The half-orc was doubled over and shivering. The tree's thick, waxy leaves kept the worst of the rain off him. In the dim silver glow of his starstone, Berun could see dozens of swollen bites across Sauk's exposed skin. His eyes were squeezed shut, and tiny convulsions rippled through his muscles.
Berun touched Sauk's temple with the back of his hand. The half-orc burned with fever. At the touch, Sauk's eyes fluttered open. He tried to snarl, but it turned into a tooth-chattering grimace.
"D-d-damn you," Sauk rasped.
"Damn me later," said Berun. "Right now, I only want what's mine."
He opened the pouch at Sauk's belt and rummaged through it. It wasn't there.
"Where is it, Sauk?"
"Puh-p-piss on you." Sauk grimaced and doubled over further as a stronger convulsion hit him.
"Don't worry," said Berun. "The venom from most of those spiders isn't fatal. Not even from so many. Not for a big, strong hunter like you. Now where is it?"
Berun set the starstone on the ground, grabbed the collar of Sauk's tunic, and ripped. Several necklaces hung round the half-orc's neck. Some bore symbols of his faith, others were trophies of past kills, and the brass chain seemed plain jewelry. But around one particularly fine leather thong was what Berun was searching for: Erael'len.
Sauk tried to bat Berun's hands away, but he was fever weak, and Berun ignored him. He eased Sauk's head up, pulled off the necklace, dropped it over his own head, and tucked the talisman under his shirt.
"Th-this is-s-sn't… over," said Sauk.
"I know," said Berun. "Listen to me, Sauk. Your plan is too risky. If you think you can sneak me in under the Old Man's nose, you've grown soft. He's using you to get to me. You're only going to get us all killed. If it were just me, I might let you try, but I won't let you pull the boy into this. I'll help. My way. But only after I see Lewan safely away."
Sauk growled something unintelligible.
"Leave the boy out of this," said Berun. "Let me handle this my way. I'll get my master out of the Fortress and take care of the Old Man. My way. But if you come at the boy again, Sauk, I swear I'll kill you."
"Muh-m-m-" Sauk gasped, then said, "Mai karash! Oath breaker!"
Berun retrieved his starstone and looked down on the half-orc who had once been his closest friend. Lightning flashed, painting the half-orc's face in sharp contrast.
"Kheil swore brotherhood to you until death," Berun said. "He kept his oath. I owe you nothing."
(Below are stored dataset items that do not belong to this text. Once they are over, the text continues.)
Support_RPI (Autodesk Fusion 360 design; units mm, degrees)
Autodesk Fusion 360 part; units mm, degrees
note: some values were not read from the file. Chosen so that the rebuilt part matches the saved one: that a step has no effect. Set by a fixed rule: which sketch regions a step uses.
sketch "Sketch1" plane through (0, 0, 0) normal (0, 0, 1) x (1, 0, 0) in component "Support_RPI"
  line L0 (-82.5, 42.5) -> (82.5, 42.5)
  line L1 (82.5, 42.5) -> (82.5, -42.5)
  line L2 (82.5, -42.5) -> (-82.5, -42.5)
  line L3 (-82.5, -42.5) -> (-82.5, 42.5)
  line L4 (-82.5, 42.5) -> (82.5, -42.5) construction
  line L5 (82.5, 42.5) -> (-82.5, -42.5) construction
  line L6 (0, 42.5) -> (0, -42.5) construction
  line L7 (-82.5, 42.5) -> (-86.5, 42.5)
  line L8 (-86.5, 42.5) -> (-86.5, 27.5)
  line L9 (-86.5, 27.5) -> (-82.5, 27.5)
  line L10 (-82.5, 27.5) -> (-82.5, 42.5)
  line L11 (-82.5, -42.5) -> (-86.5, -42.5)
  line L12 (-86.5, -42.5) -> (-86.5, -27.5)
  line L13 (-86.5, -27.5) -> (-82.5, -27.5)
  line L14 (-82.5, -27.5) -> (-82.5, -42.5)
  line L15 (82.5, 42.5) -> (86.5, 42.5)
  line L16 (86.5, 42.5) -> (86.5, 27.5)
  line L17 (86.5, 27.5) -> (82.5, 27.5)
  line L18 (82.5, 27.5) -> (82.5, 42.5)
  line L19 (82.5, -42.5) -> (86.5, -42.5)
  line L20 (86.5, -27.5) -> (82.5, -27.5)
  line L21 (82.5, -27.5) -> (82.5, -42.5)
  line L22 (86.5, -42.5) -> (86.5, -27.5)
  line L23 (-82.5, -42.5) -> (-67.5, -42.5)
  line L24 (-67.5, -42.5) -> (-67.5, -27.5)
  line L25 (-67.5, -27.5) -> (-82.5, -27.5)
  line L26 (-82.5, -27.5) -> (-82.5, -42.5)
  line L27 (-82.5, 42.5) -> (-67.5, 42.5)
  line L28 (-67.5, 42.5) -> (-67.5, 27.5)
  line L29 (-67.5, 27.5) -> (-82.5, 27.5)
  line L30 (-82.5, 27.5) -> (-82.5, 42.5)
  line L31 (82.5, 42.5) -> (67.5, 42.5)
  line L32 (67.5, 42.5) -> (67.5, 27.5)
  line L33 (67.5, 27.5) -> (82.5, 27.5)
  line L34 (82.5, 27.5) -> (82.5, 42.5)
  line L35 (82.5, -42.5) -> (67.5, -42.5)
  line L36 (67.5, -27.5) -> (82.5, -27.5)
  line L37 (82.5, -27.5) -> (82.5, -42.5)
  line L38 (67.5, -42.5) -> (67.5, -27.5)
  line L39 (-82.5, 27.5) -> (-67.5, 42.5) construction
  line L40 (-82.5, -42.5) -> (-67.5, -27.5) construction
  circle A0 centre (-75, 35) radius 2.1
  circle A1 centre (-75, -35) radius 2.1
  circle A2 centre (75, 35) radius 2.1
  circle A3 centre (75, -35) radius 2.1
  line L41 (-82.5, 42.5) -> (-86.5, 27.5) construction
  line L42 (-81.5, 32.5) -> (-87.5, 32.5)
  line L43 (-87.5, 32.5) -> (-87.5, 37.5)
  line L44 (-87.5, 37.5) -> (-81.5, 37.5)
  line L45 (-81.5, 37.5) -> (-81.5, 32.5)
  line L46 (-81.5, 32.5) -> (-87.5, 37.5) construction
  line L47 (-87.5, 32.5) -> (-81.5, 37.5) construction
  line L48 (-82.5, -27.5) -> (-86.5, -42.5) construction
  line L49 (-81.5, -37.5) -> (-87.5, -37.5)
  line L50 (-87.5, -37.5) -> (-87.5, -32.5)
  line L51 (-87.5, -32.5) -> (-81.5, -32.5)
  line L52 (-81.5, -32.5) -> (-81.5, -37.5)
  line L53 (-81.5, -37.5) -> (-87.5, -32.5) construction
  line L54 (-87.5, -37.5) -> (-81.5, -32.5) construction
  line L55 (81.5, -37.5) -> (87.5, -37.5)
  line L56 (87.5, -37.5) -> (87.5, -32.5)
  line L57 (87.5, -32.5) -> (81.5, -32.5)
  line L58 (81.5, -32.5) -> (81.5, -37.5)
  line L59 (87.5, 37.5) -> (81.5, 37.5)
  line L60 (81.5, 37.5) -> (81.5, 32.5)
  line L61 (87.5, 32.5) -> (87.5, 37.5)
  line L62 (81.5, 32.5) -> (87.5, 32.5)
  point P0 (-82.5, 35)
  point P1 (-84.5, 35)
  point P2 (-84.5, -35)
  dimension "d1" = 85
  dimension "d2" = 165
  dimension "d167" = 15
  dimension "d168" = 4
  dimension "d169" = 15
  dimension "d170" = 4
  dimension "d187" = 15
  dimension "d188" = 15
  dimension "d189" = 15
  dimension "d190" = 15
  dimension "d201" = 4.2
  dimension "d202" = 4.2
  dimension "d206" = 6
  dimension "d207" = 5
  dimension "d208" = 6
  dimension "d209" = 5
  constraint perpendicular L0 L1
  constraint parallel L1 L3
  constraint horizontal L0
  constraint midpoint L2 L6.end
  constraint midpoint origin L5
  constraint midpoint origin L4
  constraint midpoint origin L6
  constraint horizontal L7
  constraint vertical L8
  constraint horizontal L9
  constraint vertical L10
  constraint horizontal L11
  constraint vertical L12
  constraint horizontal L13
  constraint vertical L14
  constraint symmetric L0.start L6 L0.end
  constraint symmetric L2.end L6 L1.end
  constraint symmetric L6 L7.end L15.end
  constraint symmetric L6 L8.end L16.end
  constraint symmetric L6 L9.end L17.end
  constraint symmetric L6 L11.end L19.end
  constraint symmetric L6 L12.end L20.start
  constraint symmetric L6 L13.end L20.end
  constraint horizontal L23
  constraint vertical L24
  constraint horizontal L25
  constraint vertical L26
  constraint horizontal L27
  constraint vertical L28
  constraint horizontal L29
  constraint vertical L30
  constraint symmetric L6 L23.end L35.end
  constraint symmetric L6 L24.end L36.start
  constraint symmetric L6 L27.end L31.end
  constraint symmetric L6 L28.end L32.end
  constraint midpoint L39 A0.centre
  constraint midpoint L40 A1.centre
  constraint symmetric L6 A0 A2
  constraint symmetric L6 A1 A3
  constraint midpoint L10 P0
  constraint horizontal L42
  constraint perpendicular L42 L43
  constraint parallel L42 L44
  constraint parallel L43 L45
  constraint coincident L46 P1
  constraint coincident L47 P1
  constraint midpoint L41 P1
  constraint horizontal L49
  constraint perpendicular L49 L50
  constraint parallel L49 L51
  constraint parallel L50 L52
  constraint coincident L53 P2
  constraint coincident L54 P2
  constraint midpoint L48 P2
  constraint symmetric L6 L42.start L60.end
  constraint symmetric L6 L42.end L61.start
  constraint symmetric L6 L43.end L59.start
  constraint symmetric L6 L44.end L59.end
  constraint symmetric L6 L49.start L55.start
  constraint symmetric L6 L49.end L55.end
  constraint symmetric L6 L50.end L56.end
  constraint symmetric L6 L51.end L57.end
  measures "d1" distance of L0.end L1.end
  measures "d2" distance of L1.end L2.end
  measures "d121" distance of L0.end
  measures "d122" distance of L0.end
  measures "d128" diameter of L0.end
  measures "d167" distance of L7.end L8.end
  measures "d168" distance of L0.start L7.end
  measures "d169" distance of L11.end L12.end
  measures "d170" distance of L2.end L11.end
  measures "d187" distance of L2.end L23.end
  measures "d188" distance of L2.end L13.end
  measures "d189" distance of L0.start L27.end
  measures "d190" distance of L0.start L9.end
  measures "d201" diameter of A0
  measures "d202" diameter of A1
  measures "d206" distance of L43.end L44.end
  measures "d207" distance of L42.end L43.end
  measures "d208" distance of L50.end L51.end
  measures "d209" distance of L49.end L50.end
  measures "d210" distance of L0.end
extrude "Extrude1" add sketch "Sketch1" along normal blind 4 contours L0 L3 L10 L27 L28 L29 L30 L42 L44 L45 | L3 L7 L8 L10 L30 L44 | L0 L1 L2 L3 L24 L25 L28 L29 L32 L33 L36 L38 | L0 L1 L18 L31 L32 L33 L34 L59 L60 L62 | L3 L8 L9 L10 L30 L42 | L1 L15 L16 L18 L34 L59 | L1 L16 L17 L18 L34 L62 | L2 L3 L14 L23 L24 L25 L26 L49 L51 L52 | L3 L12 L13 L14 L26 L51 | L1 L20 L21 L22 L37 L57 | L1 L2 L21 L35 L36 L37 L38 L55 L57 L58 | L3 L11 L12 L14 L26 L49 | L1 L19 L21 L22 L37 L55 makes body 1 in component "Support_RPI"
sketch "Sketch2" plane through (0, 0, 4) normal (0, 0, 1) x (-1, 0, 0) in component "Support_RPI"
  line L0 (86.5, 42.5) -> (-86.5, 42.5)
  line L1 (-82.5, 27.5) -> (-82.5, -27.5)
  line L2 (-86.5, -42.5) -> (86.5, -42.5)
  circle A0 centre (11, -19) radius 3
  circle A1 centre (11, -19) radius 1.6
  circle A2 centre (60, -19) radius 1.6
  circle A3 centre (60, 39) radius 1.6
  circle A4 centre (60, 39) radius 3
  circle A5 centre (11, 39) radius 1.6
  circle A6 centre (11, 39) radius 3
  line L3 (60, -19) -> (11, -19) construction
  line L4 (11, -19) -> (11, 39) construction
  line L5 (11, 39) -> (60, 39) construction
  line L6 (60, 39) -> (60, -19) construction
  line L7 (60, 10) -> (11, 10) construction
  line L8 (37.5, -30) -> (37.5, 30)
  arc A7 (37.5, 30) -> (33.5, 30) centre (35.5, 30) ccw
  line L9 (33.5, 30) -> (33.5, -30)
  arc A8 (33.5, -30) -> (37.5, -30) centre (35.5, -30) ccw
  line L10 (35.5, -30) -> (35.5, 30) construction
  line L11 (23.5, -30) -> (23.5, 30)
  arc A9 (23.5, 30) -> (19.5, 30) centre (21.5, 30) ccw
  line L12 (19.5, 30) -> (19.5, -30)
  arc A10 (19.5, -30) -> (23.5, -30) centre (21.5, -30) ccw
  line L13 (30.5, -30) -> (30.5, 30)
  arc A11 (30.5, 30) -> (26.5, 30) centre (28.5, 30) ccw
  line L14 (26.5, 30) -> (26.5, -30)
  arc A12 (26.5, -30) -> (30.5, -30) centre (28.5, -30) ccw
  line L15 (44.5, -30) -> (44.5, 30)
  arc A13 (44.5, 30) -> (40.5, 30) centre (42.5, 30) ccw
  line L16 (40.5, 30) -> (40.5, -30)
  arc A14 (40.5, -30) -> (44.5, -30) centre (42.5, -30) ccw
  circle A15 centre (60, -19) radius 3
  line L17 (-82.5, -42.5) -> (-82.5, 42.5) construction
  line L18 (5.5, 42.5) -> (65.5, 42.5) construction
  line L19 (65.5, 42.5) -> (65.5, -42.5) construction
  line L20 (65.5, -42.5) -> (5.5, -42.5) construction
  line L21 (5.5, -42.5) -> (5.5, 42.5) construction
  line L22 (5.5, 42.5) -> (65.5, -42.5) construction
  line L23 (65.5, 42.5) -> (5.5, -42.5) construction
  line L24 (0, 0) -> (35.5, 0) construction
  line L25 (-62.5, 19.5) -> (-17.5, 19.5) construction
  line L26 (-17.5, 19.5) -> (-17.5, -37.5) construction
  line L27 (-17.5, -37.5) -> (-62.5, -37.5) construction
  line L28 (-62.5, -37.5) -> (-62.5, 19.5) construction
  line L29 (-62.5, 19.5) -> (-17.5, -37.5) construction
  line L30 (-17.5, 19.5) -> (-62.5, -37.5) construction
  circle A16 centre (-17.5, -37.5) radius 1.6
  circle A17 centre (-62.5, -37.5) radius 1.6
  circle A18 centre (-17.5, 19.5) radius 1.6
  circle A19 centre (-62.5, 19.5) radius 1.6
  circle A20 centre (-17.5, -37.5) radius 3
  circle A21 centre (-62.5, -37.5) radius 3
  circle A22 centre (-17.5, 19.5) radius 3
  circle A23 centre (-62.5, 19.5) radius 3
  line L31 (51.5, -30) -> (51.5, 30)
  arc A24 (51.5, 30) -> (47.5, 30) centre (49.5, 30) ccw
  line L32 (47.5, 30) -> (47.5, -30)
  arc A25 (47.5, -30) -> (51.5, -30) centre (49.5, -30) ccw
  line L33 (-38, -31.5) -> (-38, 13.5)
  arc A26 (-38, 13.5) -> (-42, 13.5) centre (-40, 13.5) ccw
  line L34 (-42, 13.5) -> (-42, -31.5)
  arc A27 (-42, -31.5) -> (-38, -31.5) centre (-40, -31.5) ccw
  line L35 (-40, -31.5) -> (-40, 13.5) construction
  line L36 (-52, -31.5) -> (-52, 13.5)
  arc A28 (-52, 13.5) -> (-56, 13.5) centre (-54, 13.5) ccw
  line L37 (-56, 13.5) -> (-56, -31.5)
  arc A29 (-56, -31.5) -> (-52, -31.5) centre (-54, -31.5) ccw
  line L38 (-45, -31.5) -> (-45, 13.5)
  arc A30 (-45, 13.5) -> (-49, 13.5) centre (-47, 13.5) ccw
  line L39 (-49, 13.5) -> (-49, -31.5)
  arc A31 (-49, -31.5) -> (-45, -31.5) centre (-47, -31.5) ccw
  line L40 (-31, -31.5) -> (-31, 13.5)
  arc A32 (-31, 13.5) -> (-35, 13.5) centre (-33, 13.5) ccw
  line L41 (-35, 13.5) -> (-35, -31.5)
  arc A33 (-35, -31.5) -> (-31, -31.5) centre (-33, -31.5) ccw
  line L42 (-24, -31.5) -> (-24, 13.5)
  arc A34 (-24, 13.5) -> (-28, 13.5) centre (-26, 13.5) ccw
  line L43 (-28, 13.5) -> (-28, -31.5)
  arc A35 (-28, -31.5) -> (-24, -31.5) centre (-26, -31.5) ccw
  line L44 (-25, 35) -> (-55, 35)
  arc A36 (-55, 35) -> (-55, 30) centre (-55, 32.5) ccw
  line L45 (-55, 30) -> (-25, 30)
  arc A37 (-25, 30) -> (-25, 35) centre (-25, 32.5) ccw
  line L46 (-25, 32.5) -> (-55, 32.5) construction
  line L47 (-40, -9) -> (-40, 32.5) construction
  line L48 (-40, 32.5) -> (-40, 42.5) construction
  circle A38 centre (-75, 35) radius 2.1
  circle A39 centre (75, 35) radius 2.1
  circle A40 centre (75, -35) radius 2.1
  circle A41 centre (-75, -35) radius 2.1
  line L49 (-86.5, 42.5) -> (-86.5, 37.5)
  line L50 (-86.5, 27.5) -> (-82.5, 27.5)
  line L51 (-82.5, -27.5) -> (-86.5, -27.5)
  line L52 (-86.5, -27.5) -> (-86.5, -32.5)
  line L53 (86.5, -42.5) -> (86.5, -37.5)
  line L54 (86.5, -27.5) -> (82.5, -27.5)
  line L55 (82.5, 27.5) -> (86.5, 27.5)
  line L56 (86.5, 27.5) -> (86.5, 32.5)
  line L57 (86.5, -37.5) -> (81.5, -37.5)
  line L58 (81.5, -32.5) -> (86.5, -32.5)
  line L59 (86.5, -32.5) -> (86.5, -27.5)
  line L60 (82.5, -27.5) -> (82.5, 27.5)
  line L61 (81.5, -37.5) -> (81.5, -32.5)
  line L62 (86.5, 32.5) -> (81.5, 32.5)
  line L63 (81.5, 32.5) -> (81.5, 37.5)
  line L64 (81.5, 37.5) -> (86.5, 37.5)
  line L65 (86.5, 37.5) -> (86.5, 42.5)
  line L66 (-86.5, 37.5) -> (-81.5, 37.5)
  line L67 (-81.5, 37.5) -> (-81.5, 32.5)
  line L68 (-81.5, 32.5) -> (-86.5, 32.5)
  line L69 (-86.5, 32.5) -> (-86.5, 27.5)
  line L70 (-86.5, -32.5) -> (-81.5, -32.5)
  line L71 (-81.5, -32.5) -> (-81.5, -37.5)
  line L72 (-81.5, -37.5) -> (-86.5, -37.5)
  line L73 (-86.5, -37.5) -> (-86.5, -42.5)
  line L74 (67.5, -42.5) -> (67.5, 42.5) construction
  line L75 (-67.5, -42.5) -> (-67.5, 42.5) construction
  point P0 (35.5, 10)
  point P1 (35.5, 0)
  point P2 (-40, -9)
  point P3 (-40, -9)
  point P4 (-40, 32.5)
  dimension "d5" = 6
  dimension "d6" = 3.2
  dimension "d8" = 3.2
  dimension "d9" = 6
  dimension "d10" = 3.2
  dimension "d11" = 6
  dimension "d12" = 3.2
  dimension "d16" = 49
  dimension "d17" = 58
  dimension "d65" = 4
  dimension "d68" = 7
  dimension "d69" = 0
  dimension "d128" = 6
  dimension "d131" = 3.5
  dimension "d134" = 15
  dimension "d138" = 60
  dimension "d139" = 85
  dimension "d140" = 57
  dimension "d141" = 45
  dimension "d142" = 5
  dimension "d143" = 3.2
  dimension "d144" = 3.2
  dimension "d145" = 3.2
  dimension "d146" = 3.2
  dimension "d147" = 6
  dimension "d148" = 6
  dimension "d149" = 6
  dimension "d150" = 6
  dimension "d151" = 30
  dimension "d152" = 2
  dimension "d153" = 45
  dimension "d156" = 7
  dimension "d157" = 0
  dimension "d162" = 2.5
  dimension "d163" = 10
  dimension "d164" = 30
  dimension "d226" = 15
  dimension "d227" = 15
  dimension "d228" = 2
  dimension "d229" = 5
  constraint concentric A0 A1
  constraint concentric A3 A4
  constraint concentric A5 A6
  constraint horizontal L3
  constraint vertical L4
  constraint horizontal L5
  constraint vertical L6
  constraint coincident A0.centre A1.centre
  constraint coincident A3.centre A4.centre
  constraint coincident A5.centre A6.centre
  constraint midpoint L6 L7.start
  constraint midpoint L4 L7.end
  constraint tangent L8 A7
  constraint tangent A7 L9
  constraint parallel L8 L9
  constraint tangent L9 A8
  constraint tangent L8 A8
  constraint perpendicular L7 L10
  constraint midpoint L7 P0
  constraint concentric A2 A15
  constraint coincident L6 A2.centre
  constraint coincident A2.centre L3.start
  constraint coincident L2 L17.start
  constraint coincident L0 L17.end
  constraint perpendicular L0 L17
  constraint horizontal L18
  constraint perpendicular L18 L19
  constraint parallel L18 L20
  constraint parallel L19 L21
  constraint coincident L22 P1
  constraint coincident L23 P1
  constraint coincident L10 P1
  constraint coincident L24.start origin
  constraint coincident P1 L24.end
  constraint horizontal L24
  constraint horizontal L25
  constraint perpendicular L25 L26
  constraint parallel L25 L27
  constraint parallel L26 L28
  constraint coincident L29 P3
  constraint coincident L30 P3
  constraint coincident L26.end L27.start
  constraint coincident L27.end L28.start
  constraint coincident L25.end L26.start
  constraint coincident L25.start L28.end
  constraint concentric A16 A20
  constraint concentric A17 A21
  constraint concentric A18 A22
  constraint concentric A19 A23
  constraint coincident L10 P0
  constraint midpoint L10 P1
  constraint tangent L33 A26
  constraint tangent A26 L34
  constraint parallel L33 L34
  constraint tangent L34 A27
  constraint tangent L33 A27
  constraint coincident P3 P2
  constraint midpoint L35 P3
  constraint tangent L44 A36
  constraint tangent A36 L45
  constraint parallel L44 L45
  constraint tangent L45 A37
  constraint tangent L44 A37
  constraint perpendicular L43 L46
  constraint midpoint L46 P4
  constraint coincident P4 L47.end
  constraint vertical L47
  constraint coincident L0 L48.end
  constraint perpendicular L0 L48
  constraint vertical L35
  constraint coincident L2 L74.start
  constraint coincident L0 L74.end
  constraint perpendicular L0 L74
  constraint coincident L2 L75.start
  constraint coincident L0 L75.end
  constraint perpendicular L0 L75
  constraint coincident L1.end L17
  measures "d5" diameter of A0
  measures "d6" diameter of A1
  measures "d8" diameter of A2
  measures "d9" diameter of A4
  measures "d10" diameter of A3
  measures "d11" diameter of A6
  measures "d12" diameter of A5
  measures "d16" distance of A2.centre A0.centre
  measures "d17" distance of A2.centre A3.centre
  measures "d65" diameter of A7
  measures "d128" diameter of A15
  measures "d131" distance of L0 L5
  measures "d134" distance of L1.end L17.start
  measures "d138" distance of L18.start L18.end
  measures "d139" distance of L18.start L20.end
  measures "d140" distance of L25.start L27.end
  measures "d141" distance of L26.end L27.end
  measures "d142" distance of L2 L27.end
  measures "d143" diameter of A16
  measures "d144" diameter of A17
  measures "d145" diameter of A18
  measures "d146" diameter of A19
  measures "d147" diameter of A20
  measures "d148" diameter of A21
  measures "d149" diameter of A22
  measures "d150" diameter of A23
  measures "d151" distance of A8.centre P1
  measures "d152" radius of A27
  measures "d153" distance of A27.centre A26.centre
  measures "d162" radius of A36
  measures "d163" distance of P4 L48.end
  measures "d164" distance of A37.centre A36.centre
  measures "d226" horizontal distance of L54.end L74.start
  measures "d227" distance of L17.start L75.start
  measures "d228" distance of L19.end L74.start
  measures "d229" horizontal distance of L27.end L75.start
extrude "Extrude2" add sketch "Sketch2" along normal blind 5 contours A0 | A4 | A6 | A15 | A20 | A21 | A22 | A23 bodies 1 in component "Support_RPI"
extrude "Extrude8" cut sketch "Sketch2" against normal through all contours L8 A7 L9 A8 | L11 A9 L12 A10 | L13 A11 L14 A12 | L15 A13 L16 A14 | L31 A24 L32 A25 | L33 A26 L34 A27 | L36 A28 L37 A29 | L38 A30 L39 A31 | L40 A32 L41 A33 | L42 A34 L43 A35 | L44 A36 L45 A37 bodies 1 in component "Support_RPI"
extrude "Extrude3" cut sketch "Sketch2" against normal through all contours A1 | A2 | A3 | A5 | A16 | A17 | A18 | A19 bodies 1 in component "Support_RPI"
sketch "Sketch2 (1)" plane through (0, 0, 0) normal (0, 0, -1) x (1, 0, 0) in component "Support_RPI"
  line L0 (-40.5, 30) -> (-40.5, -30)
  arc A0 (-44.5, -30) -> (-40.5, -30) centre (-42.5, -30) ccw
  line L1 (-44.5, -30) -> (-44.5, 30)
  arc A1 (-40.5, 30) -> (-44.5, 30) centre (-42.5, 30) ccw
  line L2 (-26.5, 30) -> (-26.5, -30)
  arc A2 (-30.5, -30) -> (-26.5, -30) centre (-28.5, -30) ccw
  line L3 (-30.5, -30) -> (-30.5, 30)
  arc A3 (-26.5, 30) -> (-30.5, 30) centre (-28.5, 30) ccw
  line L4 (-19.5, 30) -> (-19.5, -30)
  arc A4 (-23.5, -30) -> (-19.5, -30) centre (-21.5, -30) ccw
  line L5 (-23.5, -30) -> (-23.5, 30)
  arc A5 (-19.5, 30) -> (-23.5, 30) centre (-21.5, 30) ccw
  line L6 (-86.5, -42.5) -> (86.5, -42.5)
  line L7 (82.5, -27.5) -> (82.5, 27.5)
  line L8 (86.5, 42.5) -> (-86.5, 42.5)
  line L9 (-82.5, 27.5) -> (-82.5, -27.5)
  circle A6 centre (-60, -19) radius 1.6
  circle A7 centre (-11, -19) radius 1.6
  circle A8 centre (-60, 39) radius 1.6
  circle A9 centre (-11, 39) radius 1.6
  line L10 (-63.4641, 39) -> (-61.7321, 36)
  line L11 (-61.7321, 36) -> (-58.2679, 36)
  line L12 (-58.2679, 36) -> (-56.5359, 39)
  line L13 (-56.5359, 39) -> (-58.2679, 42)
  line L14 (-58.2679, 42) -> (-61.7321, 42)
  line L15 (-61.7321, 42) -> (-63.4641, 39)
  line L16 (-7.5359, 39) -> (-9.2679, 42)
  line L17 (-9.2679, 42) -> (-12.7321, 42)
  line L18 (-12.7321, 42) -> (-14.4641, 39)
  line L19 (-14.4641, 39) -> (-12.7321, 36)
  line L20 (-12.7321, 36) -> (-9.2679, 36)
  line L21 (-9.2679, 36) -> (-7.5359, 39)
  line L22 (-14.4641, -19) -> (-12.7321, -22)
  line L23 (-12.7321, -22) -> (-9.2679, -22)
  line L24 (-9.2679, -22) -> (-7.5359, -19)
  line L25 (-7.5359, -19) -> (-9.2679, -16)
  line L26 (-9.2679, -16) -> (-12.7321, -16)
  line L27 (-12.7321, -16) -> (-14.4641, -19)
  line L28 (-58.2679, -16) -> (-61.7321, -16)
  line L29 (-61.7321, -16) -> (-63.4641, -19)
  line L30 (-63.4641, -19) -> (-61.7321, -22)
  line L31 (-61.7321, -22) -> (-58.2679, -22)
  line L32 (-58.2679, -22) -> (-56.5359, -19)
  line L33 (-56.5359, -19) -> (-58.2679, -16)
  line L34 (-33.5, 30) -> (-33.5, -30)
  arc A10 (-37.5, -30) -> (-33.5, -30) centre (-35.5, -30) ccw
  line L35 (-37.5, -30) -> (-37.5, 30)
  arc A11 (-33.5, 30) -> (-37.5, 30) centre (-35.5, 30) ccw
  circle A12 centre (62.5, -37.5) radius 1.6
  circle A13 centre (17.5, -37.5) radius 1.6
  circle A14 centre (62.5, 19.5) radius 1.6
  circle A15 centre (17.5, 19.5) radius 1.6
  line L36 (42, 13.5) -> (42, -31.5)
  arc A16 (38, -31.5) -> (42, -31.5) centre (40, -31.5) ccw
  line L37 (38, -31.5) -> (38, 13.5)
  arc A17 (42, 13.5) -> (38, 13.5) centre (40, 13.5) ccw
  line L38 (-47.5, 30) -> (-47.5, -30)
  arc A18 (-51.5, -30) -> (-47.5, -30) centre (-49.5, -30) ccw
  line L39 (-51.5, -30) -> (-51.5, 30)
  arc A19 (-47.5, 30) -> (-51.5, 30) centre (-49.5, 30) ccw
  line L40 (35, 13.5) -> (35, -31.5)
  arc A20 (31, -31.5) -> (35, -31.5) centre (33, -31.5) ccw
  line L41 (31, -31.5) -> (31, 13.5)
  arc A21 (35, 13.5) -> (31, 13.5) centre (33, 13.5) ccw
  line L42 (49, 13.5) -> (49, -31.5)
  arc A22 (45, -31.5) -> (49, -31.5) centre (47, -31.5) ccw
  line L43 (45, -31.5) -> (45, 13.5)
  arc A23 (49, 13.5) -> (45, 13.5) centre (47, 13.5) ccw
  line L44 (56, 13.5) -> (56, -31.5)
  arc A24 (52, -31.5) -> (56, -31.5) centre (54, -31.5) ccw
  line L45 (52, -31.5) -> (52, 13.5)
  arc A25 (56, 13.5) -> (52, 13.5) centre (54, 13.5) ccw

Thunder shook the world around them, and before it faded, Berun left the half-orc lying in the mud.
Chapter Eleven
Lewan laid his hand against the bole of the tree, dead from a lightning strike in a long-ago storm. His hand trembled like an old man's.
It had taken him much longer to find the tree than he'd hoped. Running at night, through the storm, even with the small starstone to light his way, Lewan had been forced to go the long way round the hill. The way he and his master usually took up the southwestern face had been far too slick-mud running down in tiny rivulets over the slick rocks. Desperate to be away from the assassins, he'd tried two different ascents and fallen both times. The second time, a broken branch had opened a wicked gash along his right arm, almost from wrist to elbow, and he'd bled most of the way to the tree.